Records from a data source

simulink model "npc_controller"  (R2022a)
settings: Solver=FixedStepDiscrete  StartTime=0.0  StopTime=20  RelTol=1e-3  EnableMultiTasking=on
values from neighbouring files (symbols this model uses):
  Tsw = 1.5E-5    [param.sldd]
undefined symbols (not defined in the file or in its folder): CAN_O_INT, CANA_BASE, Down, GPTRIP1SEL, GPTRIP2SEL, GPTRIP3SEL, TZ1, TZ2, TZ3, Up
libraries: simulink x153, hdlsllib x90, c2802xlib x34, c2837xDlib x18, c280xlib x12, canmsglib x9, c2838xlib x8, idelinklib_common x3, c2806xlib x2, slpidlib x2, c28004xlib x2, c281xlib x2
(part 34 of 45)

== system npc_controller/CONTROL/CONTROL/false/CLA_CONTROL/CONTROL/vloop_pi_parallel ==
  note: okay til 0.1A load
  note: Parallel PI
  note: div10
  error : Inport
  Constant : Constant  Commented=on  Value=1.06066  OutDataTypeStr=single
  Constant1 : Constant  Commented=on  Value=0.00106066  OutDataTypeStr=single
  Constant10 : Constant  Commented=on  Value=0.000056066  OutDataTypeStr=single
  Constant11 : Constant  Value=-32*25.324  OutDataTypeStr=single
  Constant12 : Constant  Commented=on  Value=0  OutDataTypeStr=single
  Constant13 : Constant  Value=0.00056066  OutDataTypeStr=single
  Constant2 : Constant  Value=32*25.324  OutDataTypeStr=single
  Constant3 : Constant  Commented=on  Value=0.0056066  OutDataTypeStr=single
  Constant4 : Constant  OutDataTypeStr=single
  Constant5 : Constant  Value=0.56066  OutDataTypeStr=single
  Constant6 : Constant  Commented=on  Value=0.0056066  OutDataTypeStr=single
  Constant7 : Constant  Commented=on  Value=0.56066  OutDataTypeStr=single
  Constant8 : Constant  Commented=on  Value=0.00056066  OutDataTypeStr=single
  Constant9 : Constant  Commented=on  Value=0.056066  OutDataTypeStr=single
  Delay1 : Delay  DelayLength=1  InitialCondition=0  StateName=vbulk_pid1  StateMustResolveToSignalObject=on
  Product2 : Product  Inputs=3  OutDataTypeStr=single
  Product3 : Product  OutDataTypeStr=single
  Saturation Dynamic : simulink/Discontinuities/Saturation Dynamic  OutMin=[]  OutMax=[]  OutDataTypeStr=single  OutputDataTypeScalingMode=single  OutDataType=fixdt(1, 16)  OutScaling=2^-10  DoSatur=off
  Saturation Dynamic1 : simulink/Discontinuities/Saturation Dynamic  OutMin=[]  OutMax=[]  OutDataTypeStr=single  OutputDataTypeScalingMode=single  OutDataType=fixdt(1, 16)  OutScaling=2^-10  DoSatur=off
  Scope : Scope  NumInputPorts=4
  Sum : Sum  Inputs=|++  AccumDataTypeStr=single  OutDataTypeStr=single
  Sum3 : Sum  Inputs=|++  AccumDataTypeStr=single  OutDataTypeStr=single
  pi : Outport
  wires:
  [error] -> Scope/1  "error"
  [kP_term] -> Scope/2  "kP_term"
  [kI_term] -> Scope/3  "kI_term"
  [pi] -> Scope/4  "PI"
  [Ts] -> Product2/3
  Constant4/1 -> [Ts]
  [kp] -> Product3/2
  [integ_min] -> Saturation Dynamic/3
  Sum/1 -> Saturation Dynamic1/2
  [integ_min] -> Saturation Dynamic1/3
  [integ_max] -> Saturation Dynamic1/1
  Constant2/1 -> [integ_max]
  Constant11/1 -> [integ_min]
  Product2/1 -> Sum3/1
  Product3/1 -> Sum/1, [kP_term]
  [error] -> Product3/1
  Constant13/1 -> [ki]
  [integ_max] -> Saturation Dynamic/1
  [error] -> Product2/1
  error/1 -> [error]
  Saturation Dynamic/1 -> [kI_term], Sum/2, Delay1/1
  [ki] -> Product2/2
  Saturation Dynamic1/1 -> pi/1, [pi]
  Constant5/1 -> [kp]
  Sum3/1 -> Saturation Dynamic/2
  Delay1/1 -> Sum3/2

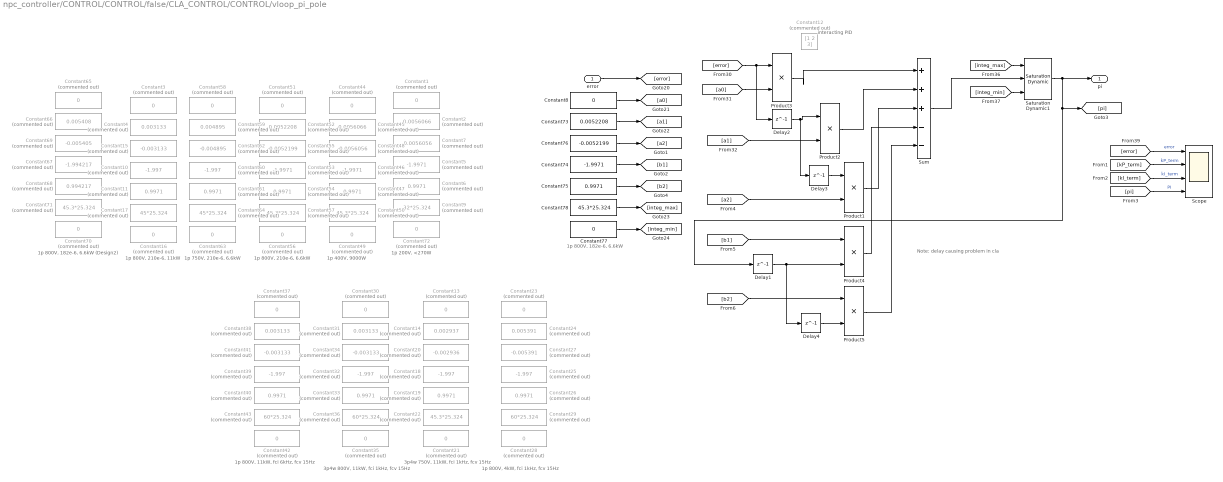
== system npc_controller/CONTROL/CONTROL/false/CLA_CONTROL/CONTROL/vloop_pi_pole ==
  note: interacting PID
  note: Note: delay causing problem in cla
  note: 1p 200V, <270W
  note: 3p4w 750V, 11kW, fci 1kHz, fcv 15Hz
  note: 1p 800V, 4kW, fci 1kHz, fcv 15Hz
  note: 3p4w 800V, 11kW, fci 1kHz, fcv 15Hz
  note: 1p 800V, 11kW, fci 6kHz, fcv 15Hz
  note: 1p 750V, 210e-6, 6.6kW
  note: 1p 800V, 210e-6, 6.6kW
  note: 1p 800V, 210e-6, 11kW
  note: 1p 800V, 182e-6, 6.6kW (Design2)
  note: 1p 400V, 9000W
  note: 1p 800V, 182e-6, 6.6kW
  error : Inport  OutDataTypeStr=single
  Constant{1,3,13,23,30,37,44,51,58,65} (10 alike) : Constant  Commented=on  Value=0  VectorParams1D=off  OutDataTypeStr=single
  Constant{10,18,25,32,39,60} (6 alike) : Constant  Commented=on  Value=-1.997  OutDataTypeStr=single
  Constant{6,11,19,26,33,40,47,54,61} (9 alike) : Constant  Commented=on  Value=0.9971  OutDataTypeStr=single
  Constant12 : Constant  Commented=on  Value=[1 2 3]  OutDataTypeStr=single
  Constant14 : Constant  Commented=on  Value=0.002937  OutDataTypeStr=single
  Constant15 : Constant  Commented=on  Value=-0.003133  OutDataTypeStr=single
  Constant{16,21,28,35,42,49,56,63,70,72} (10 alike) : Constant  Commented=on  Value=0  OutDataTypeStr=single
  Constant17 : Constant  Commented=on  Value=45*25.324  OutDataTypeStr=single
  Constant2 : Constant  Commented=on  Value=0.0056066  OutDataTypeStr=single
  Constant20 : Constant  Commented=on  Value=-0.002936  OutDataTypeStr=single
  Constant{22,50,57,71} (4 alike) : Constant  Commented=on  Value=45.3*25.324  OutDataTypeStr=single
  Constant24 : Constant  Commented=on  Value=0.005391  OutDataTypeStr=single
  Constant27 : Constant  Commented=on  Value=-0.005391  OutDataTypeStr=single
  Constant29 : Constant  Commented=on  Value=60*25.324  OutDataTypeStr=single
  Constant31 : Constant  Commented=on  Value=0.003133  OutDataTypeStr=single
  Constant34 : Constant  Commented=on  Value=-0.003133  OutDataTypeStr=single
  Constant36 : Constant  Commented=on  Value=60*25.324  OutDataTypeStr=single
  Constant38 : Constant  Commented=on  Value=0.003133  OutDataTypeStr=single
  Constant4 : Constant  Commented=on  Value=0.003133  OutDataTypeStr=single
  Constant41 : Constant  Commented=on  Value=-0.003133  OutDataTypeStr=single
  Constant43 : Constant  Commented=on  Value=60*25.324  OutDataTypeStr=single
  Constant45 : Constant  Commented=on  Value=0.0056066  OutDataTypeStr=single
  Constant46 : Constant  Commented=on  Value=-1.9971  OutDataTypeStr=single
  Constant48 : Constant  Commented=on  Value=-0.0056056  OutDataTypeStr=single
  Constant5 : Constant  Commented=on  Value=-1.9971  OutDataTypeStr=single
  Constant52 : Constant  Commented=on  Value=0.0052208  OutDataTypeStr=single
  Constant53 : Constant  Commented=on  Value=-1.9971  OutDataTypeStr=single
  Constant55 : Constant  Commented=on  Value=-0.0052199  OutDataTypeStr=single
  Constant59 : Constant  Commented=on  Value=0.004895  OutDataTypeStr=single
  Constant62 : Constant  Commented=on  Value=-0.004895  OutDataTypeStr=single
  Constant64 : Constant  Commented=on  Value=45*25.324  OutDataTypeStr=single
  Constant66 : Constant  Commented=on  Value=0.005408  OutDataTypeStr=single
  Constant67 : Constant  Commented=on  Value=-1.994217  OutDataTypeStr=single
  Constant68 : Constant  Commented=on  Value=0.994217  OutDataTypeStr=single
  Constant69 : Constant  Commented=on  Value=-0.005405  OutDataTypeStr=single
  Constant7 : Constant  Commented=on  Value=-0.0056056  OutDataTypeStr=single
  Constant73 : Constant  Value=0.0052208  OutDataTypeStr=single
  Constant74 : Constant  Value=-1.9971  OutDataTypeStr=single
  Constant75 : Constant  Value=0.9971  OutDataTypeStr=single
  Constant76 : Constant  Value=-0.0052199  OutDataTypeStr=single
  Constant77 : Constant  Value=0  OutDataTypeStr=single
  Constant78 : Constant  Value=45.3*25.324  OutDataTypeStr=single
  Constant8 : Constant  Value=0  VectorParams1D=off  OutDataTypeStr=single
  Constant9 : Constant  Commented=on  Value=32*25.324  OutDataTypeStr=single
  Delay1 : Delay  DelayLength=1  InitialCondition=0  StateName=vbulk_pid3  StateMustResolveToSignalObject=on
  Delay2 : Delay  DelayLength=1  InitialCondition=0  StateName=vbulk_pid1  StateMustResolveToSignalObject=on
  Delay3 : Delay  DelayLength=1  InitialCondition=0  StateName=vbulk_pid2  StateMustResolveToSignalObject=on
  Delay4 : Delay  DelayLength=1  InitialCondition=0  StateName=vbulk_pid4  StateMustResolveToSignalObject=on
  Product{1..5} (5 alike) : Product  OutDataTypeStr=single
  Saturation Dynamic1 : simulink/Discontinuities/Saturation Dynamic  OutMin=[]  OutMax=[]  OutDataTypeStr=single  OutputDataTypeScalingMode=single  OutDataType=fixdt(1, 16)  OutScaling=2^-10  DoSatur=off
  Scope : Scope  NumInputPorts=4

Work request → What you give back should be exactly the lines of the data above from the line with "(9 alike) : Constant" through the line with "Constant14 : Constant", both of those included, and nothing more.

Response to the exercise →
  Constant{6,11,19,26,33,40,47,54,61} (9 alike) : Constant  Commented=on  Value=0.9971  OutDataTypeStr=single
  Constant12 : Constant  Commented=on  Value=[1 2 3]  OutDataTypeStr=single
  Constant14 : Constant  Commented=on  Value=0.002937  OutDataTypeStr=single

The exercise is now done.